Los sentimientos democráticos

Si me envuelvo en las discusiones sobre la actualidad, la verdad es que me envuelvo en mí mismo. Aprendí con María Zambrano que una vocación es aquello que no se puede abandonar con el paso de los años. Lo recuerdo ahora cada vez que discuto sobre memoria histórica, o sobre feminismo, o sobre la libertad. Son cuestiones que me interpelan desde que empecé a escribir poesía a finales de los años 70, cuestiones que marcaron mi vocación. El pensamiento de extrema derecha intenta desmontar ahora los ejes culturales que posibilitaron la conquista de la democracia en España.

Cuando empecé a sentirme poeta, tuve que buscar a Federico García Lorca bajo los escombros y los silencios que habían desatado en Granada el golpe de 1936 y la dictadura. Celebré el regreso del exilio de Rafael Alberti, un poeta que nunca había tenido la oportunidad de conocer mi ciudad de la mano de su amigo Federico. Y leí muchas veces a Antonio Machado, el poeta cívico de la República, que había muerto en Colliure, detrás de la frontera y la derrota, con la nostalgia de los días azules y el sol de la infancia. Así que el deseo de descubrir lo que intentaba borrar el franquismo fue inseparable de mi vocación.

Mi manera de pensar la poesía también fue inseparable de una lección aprendida en Simone de Beauvoir: la intimidad es política. Alumno de Juan Carlos Rodríguez y estudiante de Althusser, estaba acostumbrado a pensar que las ideas de cada cual pertenecen a un sentir ideológico conformado por la historia. Tan llenos de historia estaban los versos antifranquistas de Celaya como las cuadernas vías de Gonzalo de Berceo o los sonetos de Garcilaso. Por eso comprendí bien la lección de Machado al hablar de las educaciones sentimentales. Como somos seres históricos, hay quien se emociona al paso de una bandera y quien permanece frío ante algo ajeno a su identidad. Machado afirmaba que para cambiar la poesía no eran necesarios los espectáculos formales de la vanguardia, sino la capacidad de generar una nueva sentimentalidad. A principios de los ochenta había que cambiar de manera radical las herencias sociales del franquismo. Por eso un grupo de amigas y amigos empezamos a hablar de la necesidad de escribir en busca de otra sentimentalidad.
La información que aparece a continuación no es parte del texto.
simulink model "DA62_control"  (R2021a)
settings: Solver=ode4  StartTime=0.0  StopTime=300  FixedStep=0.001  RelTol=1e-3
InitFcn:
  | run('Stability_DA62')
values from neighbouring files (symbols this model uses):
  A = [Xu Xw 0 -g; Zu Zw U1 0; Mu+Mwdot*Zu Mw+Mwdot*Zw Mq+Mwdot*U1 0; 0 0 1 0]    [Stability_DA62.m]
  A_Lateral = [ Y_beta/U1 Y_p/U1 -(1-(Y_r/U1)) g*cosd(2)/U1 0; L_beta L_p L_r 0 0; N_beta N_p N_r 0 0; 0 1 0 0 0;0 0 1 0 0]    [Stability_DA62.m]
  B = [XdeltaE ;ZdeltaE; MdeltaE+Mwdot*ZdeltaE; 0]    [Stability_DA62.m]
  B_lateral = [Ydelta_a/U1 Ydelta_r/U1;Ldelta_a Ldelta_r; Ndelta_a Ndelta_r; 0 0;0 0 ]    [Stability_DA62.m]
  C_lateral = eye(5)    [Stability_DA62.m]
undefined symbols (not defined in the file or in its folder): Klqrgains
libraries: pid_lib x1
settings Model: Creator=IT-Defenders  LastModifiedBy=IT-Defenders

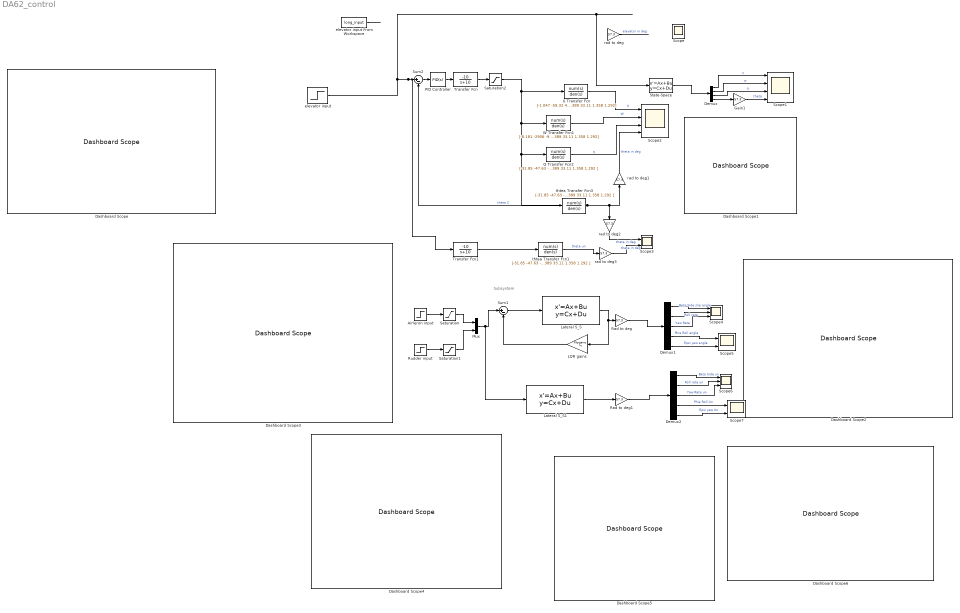
== system DA62_control ==
  note: Subsystem
  Airleron input : Step  After=20*pi/180  SampleTime=0
  Dashboard Scope{,1..6} (7 alike) : DashboardScope
  Demux : Demux
  Demux1 : Demux  Outputs=5
  Demux2 : Demux  Outputs=5
  Gain1 : Gain  Gain=57.3
  LQR gains : Gain  Gain=Klqrgains  Multiplication=Matrix(K*u)
  Lateral S_S : StateSpace  A=A_Lateral  B=B_lateral  C=C_lateral  D=zeros(5,2)  InitialCondition=0
  Lateral S_S1 : StateSpace  A=A_Lateral  B=B_lateral  C=C_lateral  D=zeros(5,2)  InitialCondition=0
  Mux : Mux  Inputs=2
  PID Controller : pid_lib/PID Controller  Controller=PID  Form=Parallel  TimeDomain=Continuous-time  UseExternalTs=off  SampleTime=-1  IntegratorMethod=Forward Euler  FilterMethod=Forward Euler  ControllerParametersSource=internal  P=0.880006891357761  I=0.782288298555866  D=-0.00238096460358231  UseFilter=on  N=369.600997021852  TunerSelectOption=Transfer Function Based (PID Tuner App)  InitialConditionSource=internal  InitialConditionForIntegrator=0  InitialConditionForFilter=0  DifferentiatorICPrevScaledInput=0  ExternalReset=none  TrackingMode=off  Kt=1  LimitOutput=off  SatLimitsSource=internal  UpperSaturationLimit=inf  LowerSaturationLimit=-inf  LinearizeAsGain=on  AntiWindupMode=none  Kb=1  POutMin=[]  POutMax=[]  IOutMin=[]  IOutMax=[]  DOutMin=[]  DOutMax=[]  NOutMin=[]  NOutMax=[]  SumOutMin=[]  SumOutMax=[]  SaturationOutMin=[]  SaturationOutMax=[]  PParamMin=[]  PParamMax=[]  IParamMin=[]  IParamMax=[]  DParamMin=[]  DParamMax=[]  NParamMin=[]  NParamMax=[]  KbParamMin=[]  KbParamMax=[]  KtParamMin=[]  KtParamMax=[]  KbOutMin=[]  KbOutMax=[]  KtOutMin=[]  KtOutMax=[]  IntegratorOutMin=[]  IntegratorOutMax=[]  FilterOutMin=[]  FilterOutMax=[]  SumI1OutMin=[]  SumI1OutMax=[]  SumI2OutMin=[]  SumI2OutMax=[]  SumI3OutMin=[]  SumI3OutMax=[]  SumI4OutMin=[]  SumI4OutMax=[]  SumDOutMin=[]  SumDOutMax=[]  DifferentiatorOutMin=[]  DifferentiatorOutMax=[]  FilterDiffOutCoefMin=[]  FilterDiffOutCoefMax=[]  ReciprocalOutMin=[]  ReciprocalOutMax=[]  SumDenOutMin=[]  SumDenOutMax=[]  SumNumOutMin=[]  SumNumOutMax=[]  DivideOutMin=[]  DivideOutMax=[]  UdiffTsProdOutMin=[]  UdiffTsProdOutMax=[]  NTsProdOutMin=[]  NTsProdOutMax=[]  UintegralTsProdOutMin=[]  UintegralTsProdOutMax=[]  UngainTsProdOutMin=[]  UngainTsProdOutMax=[]  IntegratorContinuousStateAttributes=''  IntegratorStateMustResolveToSignalObject=off  IntegratorRTWStateStorageClass=Auto  FilterContinuousStateAttributes=''  FilterStateMustResolveToSignalObject=off  FilterRTWStateStorageClass=Auto  ParallelPVariant=InternalParameters  IdealPVariant=Disabled  IVariant=InternalParameters  DVariant=InternalParameters  IntegratorVariant=Continuous  SatVariant=Disabled  AWVariant=Passthrough  PCopyVariant=Disabled  TRVariant=Disabled  FdbkBlocksVariant=Forward  IdealPFdbkVariant=Disabled  SatFdbkVariant=Disabled  DerivativeFilterVariant=ContFilter  NVariant=InternalParameters  NCopyVariant=Disabled  FilterICVariant=InternalICsFilter  IntegratorICVariant=InternalICs  ExternalResetVariant=Disabled  TRSumVariant=Passthrough  SumFdbkVariant=Disabled  SumVariant=Sum_PID  TsampFilterVariant=InternalTs  TsampNgainVariant=Passthrough  TsampIntegralVariant=Passthrough  ExternalSaturationOutDataTypeStr=Inherit: Same as second input
  Q Transfer Fcn2 : TransferFcn  Numerator=[-31.85 -47.63 -3.34 0]  Denominator=[1 6.389 33.11 1.358 1.292 ]
  Rad to deg : Gain  Gain=57.3
  Rad to deg1 : Gain  Gain=57.3
  Rudder input : Step  After=30*pi/180  SampleTime=0
  Saturation : Saturate  UpperLimit=50*pi/180  LowerLimit=-50*pi/180
  Saturation1 : Saturate  UpperLimit=30*pi/180  LowerLimit=-30*pi/180
  Saturation2 : Saturate  UpperLimit=15*pi/180  LowerLimit=-18*pi/180
  Scope{,3,5,7} (4 alike) : Scope  NumInputPorts=2
  Scope1 : Scope  NumInputPorts=4
  Scope2 : Scope  NumInputPorts=4
  Scope4 : Scope  NumInputPorts=3
  Scope6 : Scope  NumInputPorts=3
  State-Space : StateSpace  A=A  B=B  C=eye(4)  D=[0;0;0;0]  InitialCondition=0
  Sum1 : Sum  Inputs=|+-
  Sum2 : Sum  Inputs=|+-
  Transfer Fcn : TransferFcn  Numerator=[-10]  Denominator=[1 10]
  Transfer Fcn1 : TransferFcn  Numerator=[-10]  Denominator=[1 10]
  U Transfer Fcn : TransferFcn  Numerator=[-1.047 -59.32 456.8]  Denominator=[1 6.389 33.11 1.358 1.292]
  W Transfer Fcn1 : TransferFcn  Numerator=[-8.181 -2906 -97.1 -136.8 ]  Denominator=[1 6.389 33.11 1.358 1.292]
  elevator input : Step  After=-10*pi/180  SampleTime=0
  elevator input From Workspace : FromWorkspace  VariableName=long_input  SampleTime=1  OutputAfterFinalValue=Setting to zero
  rad to deg{,1..3} (4 alike) : Gain  Gain=57.3
  thtea Transfer Fcn1 : TransferFcn  Numerator=[-31.85 -47.63 -3.34]  Denominator=[1 6.389 33.11 1.358 1.292 ]
  thtea Transfer Fcn3 : TransferFcn  Numerator=[-31.85 -47.63 -3.34]  Denominator=[1 6.389 33.11 1.358 1.292 ]
  wires:
  State-Space/1 -> Demux/1
  Demux/4 -> Gain1/1
  Demux/1 -> Scope1/1  "u"
  Demux/2 -> Scope1/2  "w"
  Demux/3 -> Scope1/3  "q"
  Gain1/1 -> Scope1/4  "theta"
  rad to deg/1 -> ?  "elevator in deg"
  U Transfer Fcn/1 -> Scope2/1  "U"
  W Transfer Fcn1/1 -> Scope2/2  "W"
  thtea Transfer Fcn3/1 -> rad to deg1/1, rad to deg2/1, Sum2/2  "theta C"
  rad to deg1/1 -> Scope2/4  "theta in deg"
  Q Transfer Fcn2/1 -> Scope2/3  "q"
  Saturation2/1 -> thtea Transfer Fcn3/1, Q Transfer Fcn2/1, W Transfer Fcn1/1, U Transfer Fcn/1
  thtea Transfer Fcn1/1 -> rad to deg3/1  "theta un"
  Demux1/1 -> Scope4/1  "Beta Side slip angle"
  Demux1/2 -> Scope4/2  "Roll rate"
  Demux1/3 -> Scope4/3  "Yaw Rate"
  Demux1/4 -> Scope5/1  "Phie Roll angle"
  Airleron input/1 -> Saturation/1
  Rudder input/1 -> Saturation1/1
  Demux1/5 -> Scope5/2  "Epsi yaw angle"
  Saturation/1 -> Mux/1
  Saturation1/1 -> Mux/2
  Rad to deg/1 -> Demux1/1
  Mux/1 -> Lateral S_S1/1, Sum1/1
  LQR gains/1 -> Sum1/2
  Sum1/1 -> Lateral S_S/1
  Lateral S_S/1 -> LQR gains/1, Rad to deg/1
  Lateral S_S1/1 -> Rad to deg1/1
  Demux2/1 -> Scope6/1  "Beta Side un"
  Demux2/2 -> Scope6/2  "Roll rate un"
  Demux2/3 -> Scope6/3  "Yaw Rate un"
  Demux2/4 -> Scope7/1  "Phie Roll Un"
  Demux2/5 -> Scope7/2  "Epsi yaw Un"
  elevator input From Workspace/1 -> ?
  Rad to deg1/1 -> Demux2/1
  rad to deg2/1 -> Scope3/1  "theta in deg"
  rad to deg3/1 -> Scope3/2  "theta in deg"
  Transfer Fcn/1 -> Saturation2/1
  Sum2/1 -> PID Controller/1
  PID Controller/1 -> Transfer Fcn/1
  Transfer Fcn1/1 -> thtea Transfer Fcn1/1
  elevator input/1 -> State-Space/1, Transfer Fcn1/1, Sum2/1

Además de algunos actos de censura escandalosa, hoy observo el trabajo silencioso de la derecha extrema para impedir la memoria histórica, devolver la palabra libertad a la ley del más fuerte y socavar los avances conseguidos

La democracia no podía limitarse a votar cada 4 años. Necesitábamos preguntarnos qué decimos al decir soy yo, soy hombre, soy mujer o te quiero. Pensar la intimidad era tan histórico y comprometido como defender la libertad sindical o debatir con libertad los programas de un partido político. La vocación poética me convenció de que nunca hay verdaderas transformaciones públicas si no se cambian las reglas de juego en lo privado. Pensar supone pensarse, convertirse en el lugar del verdadero conflicto al pasar de lo público a lo privado y de lo privado a la intimidad. Después de la borradura de Clara Campoamor o Carmen de Burgos, de los años de la Sección Femenina, el matrimonio católico y la prohibición del divorcio, el pensamiento feminista fue una pieza clave en la conquista de la libertad.

¡La libertad! Otra palabra que está en la raíz de cualquier vocación personal que se comprometa con su comunidad. El neoliberalismo utiliza la palabra libertad para defender la ausencia de normas que controlen la ley salvaje del más fuerte. La libertad democrática supuso en España comprender que la ley era un marco regulador, un modo de unir el orden con la soberanía popular, la conciencia individual con unos marcos de convivencia que legitimasen el deseo de igualdad y fraternidad. Eso tuvo para mí consecuencias a la hora de elegir mi tradición poética. Más que la invención de un lenguaje único a través de un esteticismo radical o de las rupturas de la vanguardia, más que la apuesta por un dialecto elitista de gran fortuna, aposté por el uso personal del lenguaje de todos. La herencia de Galdós, Machado y algunos poetas de posguerra fue para mí más atractiva que la semiótica venida de la Sorbona o el temblor de los canales de Venecia.

La vocación es aquello que uno no puede abandonar con el paso de los años. Además de algunos actos de censura escandalosa, hoy observo el trabajo silencioso de la derecha extrema para impedir la memoria histórica, devolver la palabra libertad a la ley del más fuerte y socavar los avances conseguidos en la igualdad de genero y la libertad sexual. Llevaba años pensando que ya sólo nos tocaba en España ser pasolinianos y luchar contra la mercantilización de los sentimientos y los cuerpos. Pero compruebo ahora que necesitamos volver a la defensa de los principios de la democracia para escribir contra los olvidos trágicos y las represiones sin pudor.